[Dataset content]
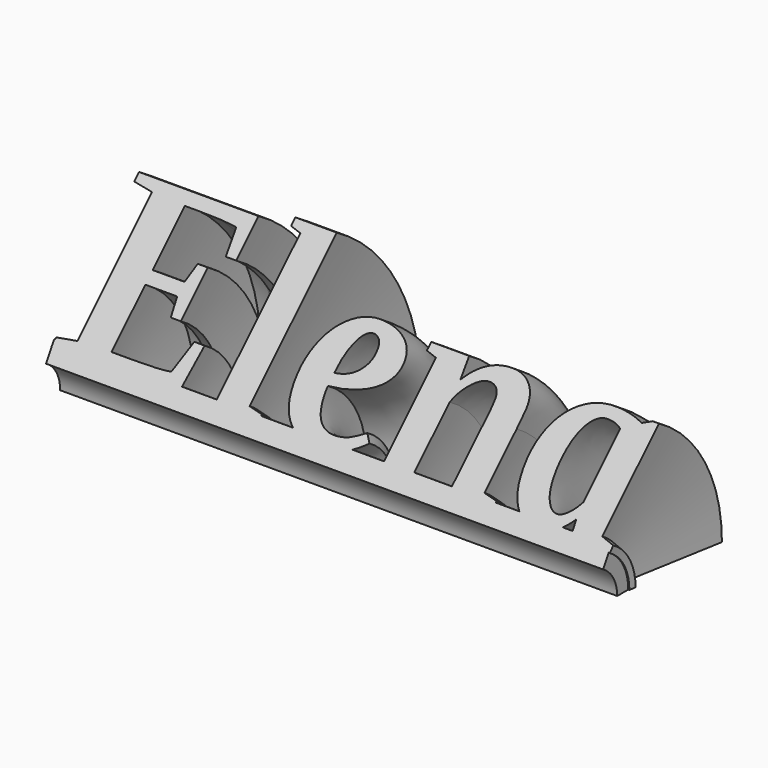
from build123d import *

# Parameters (mm, degrees)
F0_TEXT_SIZE = 40.9210307731
F1_W         = 98.1203764677
F1_H         = 3.5139527172
F3_ANGLE     = 60


# Not quite as in the source:
# - Text() gives the source's letters only with a copy of the font that has no kerning and outlines rounded to 1/6400 em; it was checked with that copy


with BuildPart() as f3:
    # F0 (on Top) + F1 (on Top) → F3 (revolve)
    with BuildSketch(Plane.XY):
        with Locations((-76.4284729958, -12.907018885)):
            Text('Elena', F0_TEXT_SIZE, font='Tinos', font_style=FontStyle.BOLDITALIC, text_align=(TextAlign.LEFT, TextAlign.BOTTOM))
    with BuildSketch(Plane.XY):
        with Locations((-27.638591826, -13.5827790946)):
            Rectangle(F1_W, F1_H)
    revolve(axis=Axis((-26.827679947, -21.5567499399, 0), (1, 0, 0)), revolution_arc=F3_ANGLE)


solid = f3.part

[Your instructions] Where pictures sit among the data above, omit them, and output the rest exactly.

[Answer to the problem]
from build123d import *

# Parameters (mm, degrees)
F0_TEXT_SIZE = 40.9210307731
F1_W         = 98.1203764677
F1_H         = 3.5139527172
F3_ANGLE     = 60


# Not quite as in the source:
# - Text() gives the source's letters only with a copy of the font that has no kerning and outlines rounded to 1/6400 em; it was checked with that copy


with BuildPart() as f3:
    # F0 (on Top) + F1 (on Top) → F3 (revolve)
    with BuildSketch(Plane.XY):
        with Locations((-76.4284729958, -12.907018885)):
            Text('Elena', F0_TEXT_SIZE, font='Tinos', font_style=FontStyle.BOLDITALIC, text_align=(TextAlign.LEFT, TextAlign.BOTTOM))
    with BuildSketch(Plane.XY):
        with Locations((-27.638591826, -13.5827790946)):
            Rectangle(F1_W, F1_H)
    revolve(axis=Axis((-26.827679947, -21.5567499399, 0), (1, 0, 0)), revolution_arc=F3_ANGLE)


solid = f3.part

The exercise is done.